[[ Supplied records, beginning ]]
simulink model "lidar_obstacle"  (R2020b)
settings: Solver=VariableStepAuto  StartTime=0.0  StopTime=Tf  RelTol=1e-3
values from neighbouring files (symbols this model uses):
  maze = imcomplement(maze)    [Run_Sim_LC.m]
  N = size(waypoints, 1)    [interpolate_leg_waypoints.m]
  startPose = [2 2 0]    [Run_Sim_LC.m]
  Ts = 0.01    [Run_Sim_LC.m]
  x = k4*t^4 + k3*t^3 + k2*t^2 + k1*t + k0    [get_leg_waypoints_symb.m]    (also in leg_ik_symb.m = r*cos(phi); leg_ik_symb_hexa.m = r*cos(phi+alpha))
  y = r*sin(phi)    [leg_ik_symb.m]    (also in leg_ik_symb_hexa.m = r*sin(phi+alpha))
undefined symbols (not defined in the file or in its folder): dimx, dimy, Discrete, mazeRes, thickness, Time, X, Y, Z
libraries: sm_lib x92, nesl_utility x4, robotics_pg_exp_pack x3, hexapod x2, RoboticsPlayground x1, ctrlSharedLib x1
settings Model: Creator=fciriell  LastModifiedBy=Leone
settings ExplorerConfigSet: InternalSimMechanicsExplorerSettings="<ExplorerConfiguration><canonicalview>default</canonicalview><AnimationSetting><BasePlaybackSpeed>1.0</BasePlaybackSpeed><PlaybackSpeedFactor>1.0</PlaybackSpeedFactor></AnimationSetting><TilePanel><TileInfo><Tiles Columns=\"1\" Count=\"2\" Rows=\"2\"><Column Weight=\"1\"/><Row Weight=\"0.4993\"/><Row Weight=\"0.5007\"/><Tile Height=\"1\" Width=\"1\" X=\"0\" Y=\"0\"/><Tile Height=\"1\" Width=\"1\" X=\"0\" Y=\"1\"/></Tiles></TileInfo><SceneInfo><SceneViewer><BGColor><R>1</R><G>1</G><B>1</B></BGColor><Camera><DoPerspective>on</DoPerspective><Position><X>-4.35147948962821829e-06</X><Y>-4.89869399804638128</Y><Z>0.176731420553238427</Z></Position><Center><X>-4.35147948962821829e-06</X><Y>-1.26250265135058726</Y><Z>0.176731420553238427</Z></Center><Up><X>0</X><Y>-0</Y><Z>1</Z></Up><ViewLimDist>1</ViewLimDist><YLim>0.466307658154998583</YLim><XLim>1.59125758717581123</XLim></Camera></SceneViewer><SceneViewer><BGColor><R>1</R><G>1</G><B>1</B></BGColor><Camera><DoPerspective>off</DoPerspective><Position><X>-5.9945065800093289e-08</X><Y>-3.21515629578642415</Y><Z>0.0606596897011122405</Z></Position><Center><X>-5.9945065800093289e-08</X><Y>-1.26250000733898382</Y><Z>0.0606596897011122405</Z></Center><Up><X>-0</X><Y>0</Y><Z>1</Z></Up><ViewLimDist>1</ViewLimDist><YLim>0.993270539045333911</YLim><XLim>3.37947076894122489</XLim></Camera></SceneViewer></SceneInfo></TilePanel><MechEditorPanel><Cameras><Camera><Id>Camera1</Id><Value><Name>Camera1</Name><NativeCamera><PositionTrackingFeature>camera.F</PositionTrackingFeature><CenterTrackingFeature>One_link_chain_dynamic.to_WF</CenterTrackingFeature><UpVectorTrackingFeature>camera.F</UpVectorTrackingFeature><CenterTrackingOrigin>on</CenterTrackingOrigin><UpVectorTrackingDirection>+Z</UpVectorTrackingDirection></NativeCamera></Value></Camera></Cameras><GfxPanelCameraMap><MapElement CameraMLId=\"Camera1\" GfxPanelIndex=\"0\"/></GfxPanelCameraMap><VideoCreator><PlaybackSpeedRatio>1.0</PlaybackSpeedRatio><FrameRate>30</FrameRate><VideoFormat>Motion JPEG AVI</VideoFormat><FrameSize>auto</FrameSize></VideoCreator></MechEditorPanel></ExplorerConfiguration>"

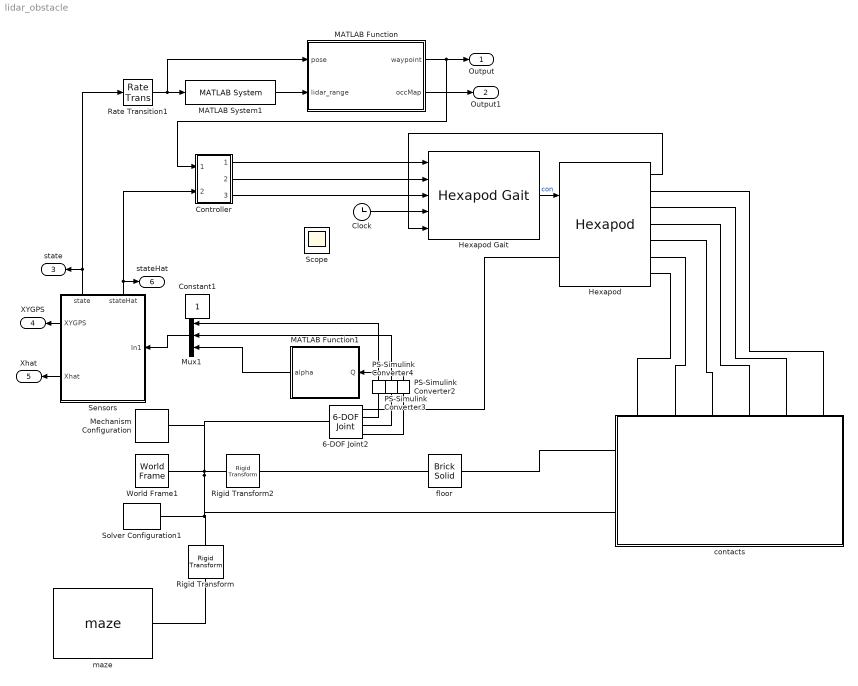
== system lidar_obstacle ==
  6-DOF Joint2 : sm_lib/Joints/6-DOF Joint  JointMode=Normal  SenseConstraintForce=off  SenseConstraintForceX=off  SenseConstraintForceY=off  SenseConstraintForceZ=off  SenseConstraintTorque=off  SenseConstraintTorqueX=off  SenseConstraintTorqueY=off  SenseConstraintTorqueZ=off  SenseTotalForce=off  SenseTotalForceX=off  SenseTotalForceY=off  SenseTotalForceZ=off  SenseTotalTorque=off  SenseTotalTorqueX=off  SenseTotalTorqueY=off  SenseTotalTorqueZ=off  CompositeWrenchDir=FollowerOnBase  CompositeWrenchFrame=BaseFrame  PxEquilibriumPosition=0  PxEquilibriumPositionUnits=m  PxSpringStiffness=0  PxSpringStiffnessUnits=N/m  PxDampingCoefficient=0  PxDampingCoefficientUnits=N/(m/s)  PxTorqueActuationMode=NoTorque  PxMotionActuationMode=ComputedMotion  PxSensePosition=on  PxSenseVelocity=off  PxSenseAcceleration=off  PxSenseTorqueForce=off  PxSenseLowerLimitTorqueForce=off  PxSenseUpperLimitTorqueForce=off  PxLowerLimitSpecify=off  PxLowerLimitBound=-1  PxLowerLimitBoundUnits=m  PxLowerLimitStiffness=1e6  PxLowerLimitStiffnessUnits=N/m  PxLowerLimitDamping=1e3  PxLowerLimitDampingUnits=N/(m/s)  PxLowerLimitTransitionRegionWidth=1e-4  PxLowerLimitTransitionRegionWidthUnits=m  PxUpperLimitSpecify=off  PxUpperLimitBound=1  PxUpperLimitBoundUnits=m  PxUpperLimitStiffness=1e6  PxUpperLimitStiffnessUnits=N/m  PxUpperLimitDamping=1e3  PxUpperLimitDampingUnits=N/(m/s)  PxUpperLimitTransitionRegionWidth=1e-4  PxUpperLimitTransitionRegionWidthUnits=m  PxPositionTargetSpecify=on  PxPositionTargetPriority=High  PxPositionTargetValue=startPose(1)  PxPositionTargetValueUnits=m  PxVelocityTargetSpecify=off  PxVelocityTargetPriority=High  PxVelocityTargetValue=0  PxVelocityTargetValueUnits=m/s  PyEquilibriumPosition=0  PyEquilibriumPositionUnits=m  PySpringStiffness=0  PySpringStiffnessUnits=N/m  PyDampingCoefficient=0  PyDampingCoefficientUnits=N/(m/s)  PyTorqueActuationMode=NoTorque  PyMotionActuationMode=ComputedMotion  PySensePosition=on  PySenseVelocity=off  PySenseAcceleration=off  PySenseTorqueForce=off  PySenseLowerLimitTorqueForce=off  PySenseUpperLimitTorqueForce=off  PyLowerLimitSpecify=off  PyLowerLimitBound=-1  PyLowerLimitBoundUnits=m  PyLowerLimitStiffness=1e6  PyLowerLimitStiffnessUnits=N/m  PyLowerLimitDamping=1e3  PyLowerLimitDampingUnits=N/(m/s)  PyLowerLimitTransitionRegionWidth=1e-4  PyLowerLimitTransitionRegionWidthUnits=m  PyUpperLimitSpecify=off  PyUpperLimitBound=1  PyUpperLimitBoundUnits=m  PyUpperLimitStiffness=1e6  PyUpperLimitStiffnessUnits=N/m  PyUpperLimitDamping=1e3  PyUpperLimitDampingUnits=N/(m/s)  PyUpperLimitTransitionRegionWidth=1e-4  PyUpperLimitTransitionRegionWidthUnits=m  PyPositionTargetSpecify=on  PyPositionTargetPriority=High  PyPositionTargetValue=startPose(2)  PyPositionTargetValueUnits=m  PyVelocityTargetSpecify=off  PyVelocityTargetPriority=High  PyVelocityTargetValue=0  PyVelocityTargetValueUnits=m/s  PzEquilibriumPosition=0  PzEquilibriumPositionUnits=m  PzSpringStiffness=0  PzSpringStiffnessUnits=N/m  PzDampingCoefficient=0  PzDampingCoefficientUnits=N/(m/s)  PzTorqueActuationMode=NoTorque  PzMotionActuationMode=ComputedMotion  PzSensePosition=off  PzSenseVelocity=off  PzSenseAcceleration=off  PzSenseTorqueForce=off  PzSenseLowerLimitTorqueForce=off  PzSenseUpperLimitTorqueForce=off  PzLowerLimitSpecify=off  PzLowerLimitBound=-1  PzLowerLimitBoundUnits=m  PzLowerLimitStiffness=1e6  PzLowerLimitStiffnessUnits=N/m  PzLowerLimitDamping=1e3  PzLowerLimitDampingUnits=N/(m/s)  PzLowerLimitTransitionRegionWidth=1e-4  PzLowerLimitTransitionRegionWidthUnits=m  PzUpperLimitSpecify=off  PzUpperLimitBound=1  PzUpperLimitBoundUnits=m  PzUpperLimitStiffness=1e6  PzUpperLimitStiffnessUnits=N/m  PzUpperLimitDamping=1e3  PzUpperLimitDampingUnits=N/(m/s)  PzUpperLimitTransitionRegionWidth=1e-4  PzUpperLimitTransitionRegionWidthUnits=m  PzPositionTargetSpecify=on  PzPositionTargetPriority=High  PzPositionTargetValue=0.35  PzPositionTargetValueUnits=m  PzVelocityTargetSpecify=off  PzVelocityTargetPriority=High  PzVelocityTargetValue=0  PzVelocityTargetValueUnits=m/s  SphDefPosRotationMethod=None  SphDefPosRotationAngleUnits=deg  SphDefPosRotationStandardAxis=+Z  SphDefPosRotationAngle=0.0  SphDefPosRotationArbitraryAxis=[0 0 1]  SphDefPosFollAlignAxisA=+X  SphDefPosBaseAlignAxisA=+Y  SphDefPosFollAlignAxisB=+Y  SphDefPosBaseAlignAxisB=+Z  SphDefPosRotationSequenceAxes=FollowerAxes  SphDefPosRotationSequence=XYX  SphDefPosRotationSequenceAngles=[0 0 0]  SphDefPosRotationSequenceAnglesUnits=deg  SphDefPosRotationMatrix=[1 0 0; 0 1 0; 0 0 1]  SphEqPosRotationMethod=None  SphEqPosRotationAngleUnits=deg  SphEqPosRotationStandardAxis=+Z  SphEqPosRotationAngle=0.0  SphEqPosRotationArbitraryAxis=[0 0 1]  SphEqPosFollAlignAxisA=+X  SphEqPosBaseAlignAxisA=+Y  SphEqPosFollAlignAxisB=+Y  SphEqPosBaseAlignAxisB=+Z  SphEqPosRotationSequenceAxes=FollowerAxes  SphEqPosRotationSequence=XYX  SphEqPosRotationSequenceAngles=[0 0 0]  SphEqPosRotationSequenceAnglesUnits=deg  SphEqPosRotationMatrix=[1 0 0; 0 1 0; 0 0 1]  SphSpringStiffness=0  SphSpringStiffnessUnits=N*m/deg  SphDampingCoefficient=0  SphDampingCoefficientUnits=N*m/(deg/s)  SphActuateTorqueX=off  SphActuateTorqueY=off  SphActuateTorqueZ=off  SphActuateTorque=off  SphTorqueActuationMode=NoTorque  SphMotionActuationMode=ComputedMotion  SphActuationFrame=BaseFrame  SphSensePosition=on  SphSenseVelocityX=off  SphSenseVelocityY=off  SphSenseVelocityZ=off  SphSenseVelocity=off  SphSenseAccelerationX=off  SphSenseAccelerationY=off  SphSenseAccelerationZ=off  SphSenseAcceleration=off  SphSenseTorqueX=off  SphSenseTorqueY=off  SphSenseTorqueZ=off  SphSenseTorqueForce=off  SphSenseLowerLimitTorqueMag=off  SphSenseUpperLimitTorqueMag=off  SphSensingFrame=BaseFrame  SphLowerLimitSpecify=off  SphLowerLimitBound=15  SphLowerLimitBoundUnits=deg  SphLowerLimitStiffness=1e4  SphLowerLimitStiffnessUnits=N*m/deg  SphLowerLimitDamping=10  SphLowerLimitDampingUnits=N*m/(deg/s)  SphLowerLimitTransitionRegionWidth=0.1  SphLowerLimitTransitionRegionWidthUnits=deg  SphUpperLimitSpecify=off  SphUpperLimitBound=45  SphUpperLimitBoundUnits=deg  SphUpperLimitStiffness=1e4  SphUpperLimitStiffnessUnits=N*m/deg  SphUpperLimitDamping=10  SphUpperLimitDampingUnits=N*m/(deg/s)  SphUpperLimitTransitionRegionWidth=0.1  SphUpperLimitTransitionRegionWidthUnits=deg  SphPositionTargetRotationMethod=None  SphPositionTargetRotationAngleUnits=deg  SphPositionTargetRotationStandardAxis=+Z  SphPositionTargetRotationAngle=0.0  SphPositionTargetRotationArbitraryAxis=[0 0 1]  SphPositionTargetFollAlignAxisA=+X  SphPositionTargetBaseAlignAxisA=+Y  SphPositionTargetFollAlignAxisB=+Y  SphPositionTargetBaseAlignAxisB=+Z  SphPositionTargetRotationSequenceAxes=FollowerAxes  SphPositionTargetRotationSequence=XYX  SphPositionTargetRotationSequenceAngles=[0 0 0]  SphPositionTargetRotationSequenceAnglesUnits=deg  SphPositionTargetRotationMatrix=[1 0 0; 0 1 0; 0 0 1]  SphPositionTargetSpecify=off  SphPositionTargetPriority=High  SphVelocityTargetValue=[0 0 0]  SphVelocityTargetValueUnits=deg/s  SphVelocityTargetSpecify=off  SphVelocityTargetPriority=High  SphVelocityTargetInFollowerFrame=on
  Clock : Clock
  Controller : Subsystem
  Hexapod : hexapod/Hexapod  leg_initial_config=[0; -pi/8; 5*pi/8]  leg_length_1=0.1  leg_length_2=0.4  leg_length_3=0.4  leg_radius=0.04  leg_mass_1=0.1  leg_mass_2=0.3  leg_mass_3=0.3  pos_kp=[80; 80; 80]  pos_ki=[0; 0; 0]  pos_kd=[10; 10; 10]  body_radius=0.3  body_mass=0.2
      settings: SourceProductName=Hexapod
  Hexapod Gait : hexapod/Hexapod Gait  beta=0.55  T=0.5  contact_start_config=[0; -pi/8; 5*pi/8]  lifted_mid_theta2=-pi/4  lifted_mid_theta3=3*pi/4  body_radius=0.3  leg_length_1=0.1  leg_length_2=0.4  leg_length_3=0.4
      settings: SourceProductName=Hexapod
  MATLAB Function : MATLAB Function  TreatAsAtomicUnit=on
  MATLAB Function1 : MATLAB Function  TreatAsAtomicUnit=on
  MATLAB System1 : RoboticsPlayground/Advanced Sensors/360 Range Sensor/MATLAB System  mapName=map  sensorOffset=[0 0]  scanAngles=linspace(-pi, pi, 50)  maxRange=6
      settings: SourceProductName=Robotics Playground
  Mechanism Configuration : sm_lib/Utilities/Mechanism Configuration  UniformGravity=Constant  GravityVector=[0 0 -9.80665]  GravityVectorUnits=m/s^2  GravityUnits=m/s^2  LinearizationDelta=0.001  JointModeTransitionNonlinearIterations=2
  Mux1 : Mux  Inputs=3
  PS-Simulink Converter2 : nesl_utility/PS-Simulink Converter  PhysicalDomain=network_engine_domain  SubClassName=ps_output  LeftPortType=input  RightPortType=output  PseudoPeriodic=off  Frequencies=[]  Unit=inherit  AffineConversion=off
  PS-Simulink Converter3 : nesl_utility/PS-Simulink Converter  PhysicalDomain=network_engine_domain  SubClassName=ps_output  LeftPortType=input  RightPortType=output  PseudoPeriodic=off  Frequencies=[]  Unit=inherit  AffineConversion=off
  PS-Simulink Converter4 : nesl_utility/PS-Simulink Converter  PhysicalDomain=network_engine_domain  SubClassName=ps_output  LeftPortType=input  RightPortType=output  PseudoPeriodic=off  Frequencies=[]  Unit=inherit  AffineConversion=off
  Rate Transition1 : RateTransition  OutPortSampleTime=Ts*5
  Rigid Transform : sm_lib/Frames and Transforms/Rigid Transform  TranslationMethod=StandardAxis  TranslationStandardOffset=0.255  TranslationLengthUnit=m  TranslationStandardAxis=-Z  TranslationCartesianOffset=[0 0 0]  TranslationROffset=0  TranslationROffsetUnits=m  TranslationZOffset=0  TranslationZOffsetUnits=m  TranslationThetaOffset=0  TranslationThetaOffsetUnits=deg  RotationMethod=None  RotationAngleUnits=deg  RotationStandardAxis=+Z  RotationAngle=0.0  RotationArbitraryAxis=[0 0 1]  FollAlignAxisA=+X  BaseAlignAxisA=+Y  FollAlignAxisB=+Y  BaseAlignAxisB=+Z  RotationSequenceAxes=FollowerAxes  RotationSequence=XYX  RotationSequenceAngles=[0 0 0]  RotationSequenceAnglesUnits=deg  RotationMatrix=[1 0 0; 0 1 0; 0 0 1]
  Rigid Transform2 : sm_lib/Frames and Transforms/Rigid Transform  TranslationMethod=Cartesian  TranslationStandardOffset=0  TranslationLengthUnit=m  TranslationStandardAxis=+Z  TranslationCartesianOffset=[0.5*size(maze, 2)/mazeRes 0.5*size(maze, 1)/mazeRes -0.25]  TranslationROffset=0  TranslationROffsetUnits=m  TranslationZOffset=0  TranslationZOffsetUnits=m  TranslationThetaOffset=0  TranslationThetaOffsetUnits=deg  RotationMethod=None  RotationAngleUnits=deg  RotationStandardAxis=+Z  RotationAngle=0.0  RotationArbitraryAxis=[0 0 1]  FollAlignAxisA=+X  BaseAlignAxisA=+Y  FollAlignAxisB=+Y  BaseAlignAxisB=+Z  RotationSequenceAxes=FollowerAxes  RotationSequence=XYX  RotationSequenceAngles=[0 0 0]  RotationSequenceAnglesUnits=deg  RotationMatrix=[1 0 0; 0 1 0; 0 0 1]
  Sensors : Subsystem
      settings: PortSchema="{\"entries\":[{\"content\":{\"sides\":[{\"content\":{\"connectorIds\":[\"In1\"]},\"type\":\"ConnectorPlacement.EquallySpacedRectSide\",\"uuid\":\"8db747f0-83c9-4cc5-b80c-4fdc53357bd0\"},{\"content\":{\"connectorIds\":[\"Out1\",\"Out2\"],\"side\":\"RIGHT\"},\"type\":\"ConnectorPlacement.EquallySpacedRectSide\",\"uuid\":\"410b3c6d-2c21-47e1-b07d-c9646b429a39\"},{\"content\":{\"connectorIds\":[\"Out3\",\"Out4\"],\"side\":\"TOP\"},\"type\":\"ConnectorPlacement.EquallySpacedRectSide\",\"uuid\":\"d7e8c555-6057-488c-b5e8-2079a1227ab0\"},{\"content\":{\"connectorIds\":[],\"side\":\"HIDDEN\"},\"type\":\"ConnectorPlacement.EquallySpacedRectSide\",\"uuid\":\"2e052cb0-9706-477d-91df-361bb344069c\"}]},\"type\":\"ConnectorPlacement.EquallySpacedConnector\",\"uuid\":\"19d42c93-4e78-4ee2-ba10-4e9242e82cdf\"}],\"packageUris\":[\"http://schema.mathworks.com/mf0/Connector/R2020b\"],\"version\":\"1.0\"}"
[[ Supplied records, end ]]
What you have to do → Please go through the material and return each line where the word "MATLAB" appears.

Answer to this task →
  MATLAB Function : MATLAB Function  TreatAsAtomicUnit=on
  MATLAB Function1 : MATLAB Function  TreatAsAtomicUnit=on
  MATLAB System1 : RoboticsPlayground/Advanced Sensors/360 Range Sensor/MATLAB System  mapName=map  sensorOffset=[0 0]  scanAngles=linspace(-pi, pi, 50)  maxRange=6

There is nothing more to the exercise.